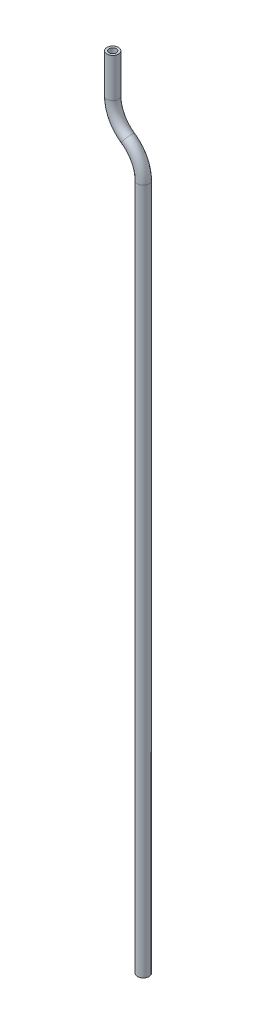
SolidWorks part; units mm, degrees
ref_plane "Front Plane" through (0, 0, 0) normal (0, 0, 1) x (1, 0, 0)
ref_plane "Top Plane" through (0, 0, 0) normal (0, 1, 0) x (1, 0, 0)
ref_plane "Right Plane" through (0, 0, 0) normal (1, 0, 0) x (0, 0, -1)
sketch "Illustrative smooth utility route" plane through (0, 0, 0) normal (0, 0, 1) x (1, 0, 0)
  line L0 (-13.55, 0) -> (-13.55, -13.5)
  line L1 (-3, -33.5) -> (-3, -270.5)
  arc A0 (-13.55, -13.5) -> (-8.275, -23.5) centre (-1.4338, -13.5) ccw
  arc A1 (-8.275, -23.5) -> (-3, -33.5) centre (-15.1162, -33.5) cw
sketch "Utility circular cross section" plane through (0, 0, 0) normal (0, 1, 0) x (1, 0, 0)
  circle A0 centre (-13.55, 0) radius 2
  circle A1 centre (-13.55, 0) radius 1.25
sweep "Native hollow utility sweep" add profiles "Utility circular cross section" path "Illustrative smooth utility route"

--

Exercise objective
Produce a word-for-word version of the material, with no pictures included.

Final answer
SolidWorks part; units mm, degrees
ref_plane "Front Plane" through (0, 0, 0) normal (0, 0, 1) x (1, 0, 0)
ref_plane "Top Plane" through (0, 0, 0) normal (0, 1, 0) x (1, 0, 0)
ref_plane "Right Plane" through (0, 0, 0) normal (1, 0, 0) x (0, 0, -1)
sketch "Illustrative smooth utility route" plane through (0, 0, 0) normal (0, 0, 1) x (1, 0, 0)
  line L0 (-13.55, 0) -> (-13.55, -13.5)
  line L1 (-3, -33.5) -> (-3, -270.5)
  arc A0 (-13.55, -13.5) -> (-8.275, -23.5) centre (-1.4338, -13.5) ccw
  arc A1 (-8.275, -23.5) -> (-3, -33.5) centre (-15.1162, -33.5) cw
sketch "Utility circular cross section" plane through (0, 0, 0) normal (0, 1, 0) x (1, 0, 0)
  circle A0 centre (-13.55, 0) radius 2
  circle A1 centre (-13.55, 0) radius 1.25
sweep "Native hollow utility sweep" add profiles "Utility circular cross section" path "Illustrative smooth utility route"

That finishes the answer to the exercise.